The resulting R data frame contains more info about each of the fields captured by the read.sas7bdat
function than is typical of other common R “read” functions.
In particular the new data frame contains the additional attribute $column.info
which is itself a list giving more details about each of the fields that it processed.
To explore the final result we can display a few rows and columns of the data frame:
library(knitr)
kable(raw_r[1:5, 1:5])
drg_def | provider_id | provider_name | provider_street | provider_city |
---|---|---|---|---|
039 - EXTRACRANIAL PROCEDURES W/O CC/MCC | 10001 | SOUTHEAST ALABAMA MEDICAL CENTER | 1108 ROSS CLARK CIRCLE | DOTHAN |
039 - EXTRACRANIAL PROCEDURES W/O CC/MCC | 10005 | MARSHALL MEDICAL CENTER SOUTH | 2505 U S HIGHWAY 431 NORTH | BOAZ |
039 - EXTRACRANIAL PROCEDURES W/O CC/MCC | 10006 | ELIZA COFFEE MEMORIAL HOSPITAL | 205 MARENGO STREET | FLORENCE |
039 - EXTRACRANIAL PROCEDURES W/O CC/MCC | 10011 | ST VINCENT’S EAST | 50 MEDICAL PARK EAST DRIVE | BIRMINGHAM |
039 - EXTRACRANIAL PROCEDURES W/O CC/MCC | 10016 | SHELBY BAPTIST MEDICAL CENTER | 1000 FIRST STREET NORTH | ALABASTER |
We can also plot some of the data:
library(ggplot2)
ggplot(raw_r) +
geom_histogram(aes(x = total_discharges), binwidth = 5)
In summary it appears this package can be used to read an existing SAS dataset without needing to invoke SAS directly.

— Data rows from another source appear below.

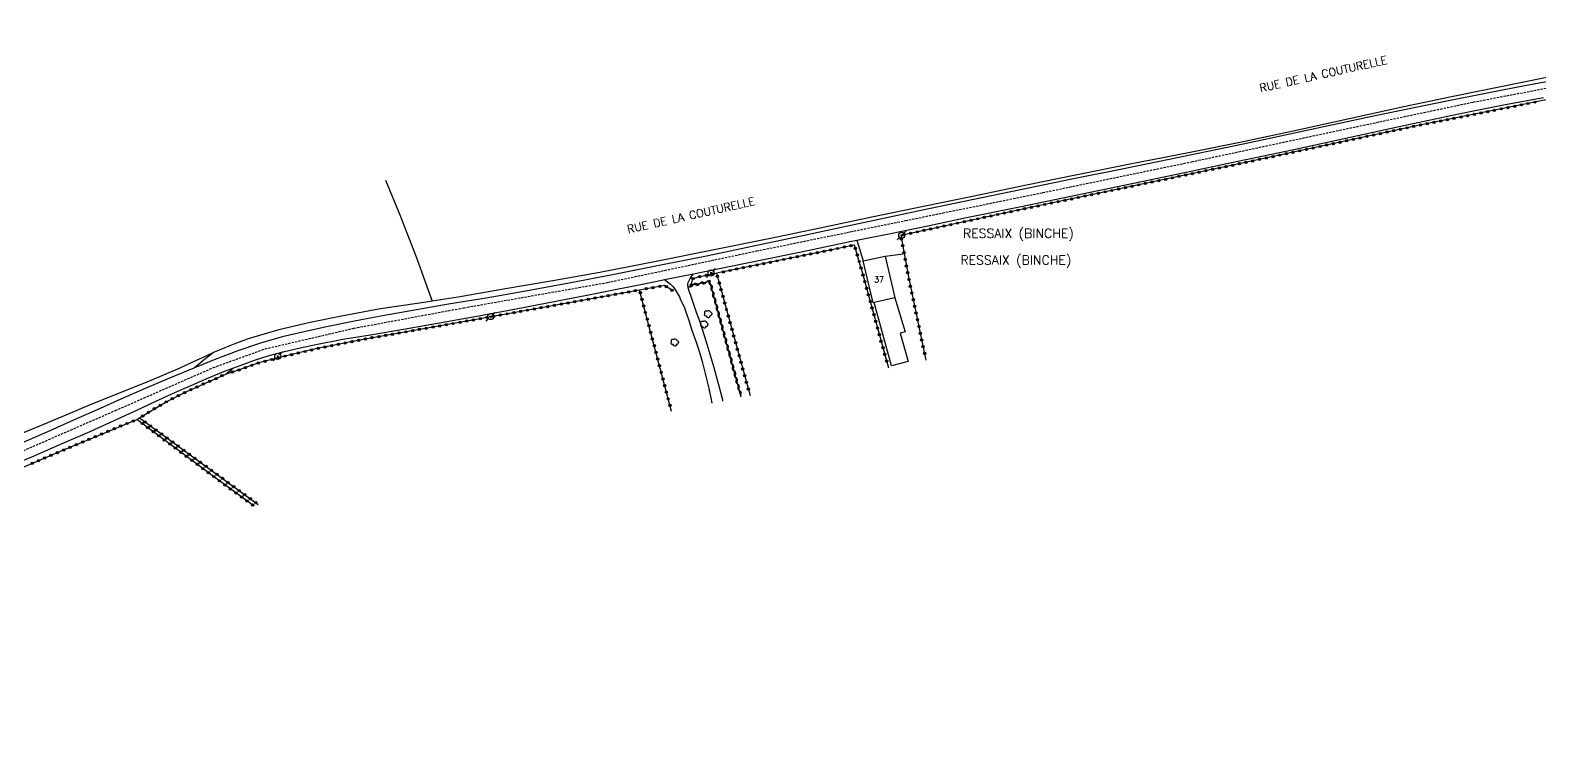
# Model space of a CAD drawing. Header units: millimetres. Extents: x 138000 to 139001, y 123000 to 124000.
# Drawn here: x 138334.1 to 138664.3, y 123389.9 to 123547.1 of the extents above; entities that cross this region are included whole.
import ezdxf
from ezdxf.enums import TextEntityAlignment as Align

# ---------------------------------------------------------------- set-up
doc = ezdxf.new("R2010")
doc.units = ezdxf.units.MM
doc.linetypes.add('DASHED', pattern=[0.75, 0.5, -0.25])
doc.layers.get('0').update_dxf_attribs({"linetype": 'CONTINUOUS'})
for name, color, linetype in [('W0001', 6, 'DASHED'), ('W0008', 7, 'CONTINUOUS'), ('W0017', 7, 'CONTINUOUS'), ('W0101', 7, 'CONTINUOUS'), ('W0104', 1, 'CONTINUOUS'), ('W0211', 2, 'CONTINUOUS'), ('W0214', 2, 'CONTINUOUS'), ('W0300', 7, 'CONTINUOUS'), ('W0310', 3, 'CONTINUOUS'), ('W0322', 7, 'CONTINUOUS'), ('W0323', 7, 'CONTINUOUS'), ('W0330', 7, 'CONTINUOUS'), ('W0473', 7, 'CONTINUOUS'), ('W0980', 7, 'CONTINUOUS'), ('W0989', 7, 'CONTINUOUS'), ('W0991', 7, 'CONTINUOUS')]:
    doc.layers.add(name, color=color, linetype=linetype)
doc.styles.get("Standard").update_dxf_attribs({"font": 'romans.shx', "width": 0.85})

# ---------------------------------------------------------------- blocks, each defined once
blk = doc.blocks.new('T300')
for p, q in [((-0.8, 0.51), (-0.86, 0.34)), ((-0.86, 0.34), (-0.86, 0.17)), ((-0.86, 0.17), (-0.74, 0.06)), ((-0.69, 0.63), (-0.8, 0.51)), ((-0.8, -0.06), (-0.74, 0.06)), ((-0.74, 0.06), (-0.69, 0.11)), ((-0.57, 0.69), (-0.69, 0.63)), ((-0.46, 0.69), (-0.57, 0.69)), ((-0.29, 0.63), (-0.46, 0.69)), ((-0.29, 0.63), (-0.17, 0.74)), ((-0.23, 0.57), (-0.29, 0.63)), ((-0.17, 0.74), (-0.06, 0.8)), ((-0.06, 0.8), (0.06, 0.8)), ((0.06, 0.8), (0.23, 0.74)), ((0.23, 0.74), (0.34, 0.63)), ((0.34, 0.63), (0.4, 0.51)), ((0.46, 0.46), (0.34, 0.46)), ((0.4, 0.51), (0.4, 0.46)), ((0.57, 0.4), (0.46, 0.46)), ((0.57, 0.4), (0.69, 0.29)), ((0.69, 0.29), (0.74, 0.17)), ((0.74, 0.06), (0.69, -0.17)), ((0.74, 0.17), (0.74, 0.06)), ((-0.8, -0.17), (-0.8, -0.06)), ((-0.8, -0.23), (-0.8, -0.17)), ((-0.74, -0.34), (-0.8, -0.23)), ((-0.69, -0.4), (-0.74, -0.34)), ((-0.51, -0.46), (-0.69, -0.4)), ((-0.4, -0.46), (-0.51, -0.46)), ((-0.4, -0.46), (-0.34, -0.46)), ((-0.34, -0.46), (-0.34, -0.4)), ((-0.34, -0.51), (-0.34, -0.46)), ((-0.29, -0.63), (-0.34, -0.51)), ((-0.17, -0.74), (-0.29, -0.63)), ((-0.06, -0.8), (-0.17, -0.74)), ((0.06, -0.8), (-0.06, -0.8)), ((0.17, -0.74), (0.06, -0.8)), ((0.23, -0.69), (0.17, -0.74)), ((0.29, -0.46), (0.23, -0.46)), ((0.29, -0.63), (0.23, -0.69)), ((0.46, -0.4), (0.29, -0.46)), ((0.34, -0.51), (0.29, -0.63)), ((0.34, -0.51), (0.34, -0.46)), ((0.57, -0.34), (0.46, -0.4)), ((0.63, -0.29), (0.57, -0.34)), ((0.69, -0.17), (0.63, -0.29))]:
    blk.add_line(p, q)
blk = doc.blocks.new('T473')
for p, q in [((-0.166667, 0.166667), (0.166667, -0.166667)), ((-0.166667, -0.166667), (0.166667, 0.166667)), ((0.500001, 0.500001), (1.000002, 1.000002)), ((-1.000002, -1.000002), (-0.500001, -0.500001))]:
    blk.add_line(p, q)
blk.add_ellipse((0, 0), major_axis=(0.471405, 0.471405), ratio=1, start_param=5.4977871438, end_param=11.780972451)
blk = doc.blocks.new('t323o')
at = {"color": 0, "linetype": 'Continuous'}
for radius in [0.25, 0.15]:
    blk.add_circle((0, 0), radius, dxfattribs=at)
blk = doc.blocks.new('t310o')
at = {"color": 0, "linetype": 'Continuous'}
for centre, start, end in [((-0.5, 0.38), 216.8699, 323.1304), ((0.5, -0.37), 36.8699, 143.1303)]:
    blk.add_arc(centre, 0.625, start, end, dxfattribs=at)
blk = doc.blocks.new('t322o')
at = {"color": 0, "linetype": 'Continuous'}
for radius in [0.25, 0.15]:
    blk.add_circle((0, 0), radius, dxfattribs=at)

msp = doc.modelspace()

# ---------------------------------------------------------------- linework, layer by layer
at = {"layer": 'W0001'}
msp.add_lwpolyline([(138159.38, 123389.87), (138180.42, 123394.11), (138200.12, 123401.12), (138231.18, 123413.59), (138262.43, 123426.21), (138284.16, 123435.36), (138307.22, 123444.74), (138331.28, 123454.65), (138352.76, 123464.01), (138374.19, 123473.4), (138385.49, 123477.49), (138404.93, 123481.99), (138428.95, 123486.46), (138460.41, 123492), (138492.98, 123498.88), (138525.57, 123505.53), (138555.54, 123511.63), (138588.19, 123518.38), (138620.51, 123525.27), (138649.71, 123531.42), (138680.95, 123537.36), (138711, 123543.03), (138735.09, 123547.13)], dxfattribs=at)
at = {"layer": 'W0008'}
for points in [[(138666.89, 123536.09), (138659.47, 123534.67), (138652.05, 123533.25), (138644.65, 123531.8), (138636.45, 123530.12), (138628.26, 123528.39), (138620.07, 123526.65), (138611.31, 123524.79), (138602.55, 123522.91), (138593.8, 123521.06), (138583.19, 123518.88), (138572.57, 123516.72), (138561.96, 123514.56), (138551.06, 123512.33), (138540.16, 123510.09), (138529.27, 123507.82), (138520.76, 123505.98), (138512.25, 123504.13), (138503.73, 123502.3), (138493.06, 123500.05), (138482.39, 123497.84), (138471.71, 123495.68), (138461.84, 123493.74), (138451.97, 123491.84), (138442.09, 123490.02), (138433.85, 123488.59), (138425.61, 123487.22), (138417.38, 123485.79), (138411.21, 123484.69), (138405.04, 123483.57), (138398.91, 123482.32), (138394.07, 123481.24), (138389.24, 123480.08), (138384.47, 123478.74), (138379.57, 123477.08), (138374.74, 123475.23), (138370.07, 123473.36), (138369.93, 123473.3), (138364.59, 123471.09), (138359.28, 123468.79), (138353.98, 123466.47), (138348.8, 123464.18), (138343.64, 123461.88), (138338.46, 123459.59), (138332.26, 123456.9)], [(138327.43, 123450.96), (138335, 123454.13), (138341.12, 123456.77), (138347.22, 123459.46), (138353.3, 123462.19), (138357.46, 123464.1), (138361.6, 123466.04), (138365.77, 123467.93), (138369.45, 123469.56), (138373.14, 123471.17), (138376.87, 123472.68), (138378.44, 123473.28), (138380.02, 123473.88), (138383.18, 123475.01), (138386.39, 123476.04), (138389.75, 123476.94), (138393.15, 123477.73), (138396.57, 123478.46), (138402.54, 123479.6), (138408.54, 123480.58), (138414.54, 123481.58), (138423.18, 123483.11), (138431.81, 123484.66), (138440.44, 123486.25), (138455.86, 123489.23), (138471.27, 123492.31), (138472.86, 123492.64), (138479.2, 123493.92), (138486.66, 123495.44), (138495.58, 123497.26), (138504.5, 123499.09), (138513.41, 123500.92), (138514.91, 123501.22), (138521.92, 123502.66), (138530.43, 123504.41), (138538.93, 123506.16), (138550.51, 123508.55), (138562.08, 123510.95), (138573.65, 123513.35), (138585.92, 123515.91), (138598.2, 123518.48), (138610.47, 123521.08), (138622.83, 123523.77), (138635.18, 123526.48), (138647.56, 123529.08), (138656.31, 123530.79), (138665.08, 123532.44)]]:
    msp.add_lwpolyline(points, dxfattribs=at)
at = {"layer": 'W0017'}
for points in [[(138514.91, 123501.22), (138516.29, 123496.73)], [(138485.63, 123466.09), (138485.58, 123466.32), (138484.67, 123469.84), (138483.69, 123473.34), (138482.7, 123476.75), (138481.65, 123480.13), (138480.56, 123483.51), (138479.87, 123485.46), (138479.17, 123487.41), (138478.53, 123489.37), (138478.26, 123490.1), (138478, 123490.82), (138477.93, 123491.54), (138478.04, 123491.99), (138478.22, 123492.44), (138478.44, 123492.87), (138478.67, 123493.23), (138478.94, 123493.58), (138479.2, 123493.92)], [(138472.86, 123492.64), (138473.5, 123492.12), (138474.15, 123491.61), (138474.73, 123491.04), (138475.1, 123490.55), (138475.24, 123490.35), (138475.69, 123489.6), (138476.11, 123488.83), (138476.3, 123488.41), (138477.21, 123486.43), (138478.08, 123483.91), (138478.91, 123481.38), (138479.67, 123479.18), (138480.41, 123476.98), (138481.09, 123474.76), (138481.78, 123472.12), (138482.4, 123469.45), (138482.98, 123466.77), (138483.22, 123465.61)]]:
    msp.add_lwpolyline(points, dxfattribs=at)
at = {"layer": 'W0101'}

My demo here is certainly not exhaustive of all SAS objects one might want to read - your own experience may vary! As noted above, it does not appear that the package is being actively developed so use it at your own risk.
Other packages, such foreign
, require that the SAS dataset be converted first to “export” format before reading, or that SAS be invokable at the command line in order to convert the SAS dataset to an R-readable file on the fly.
Given these observations, a reliable alternative is to simply export the SAS dataset of interest to a common format such as CSV, XML, TXT, XLSX, or JSON (i.e. via PROC JSON
) and go from there. R has packages that can handle all of these formats.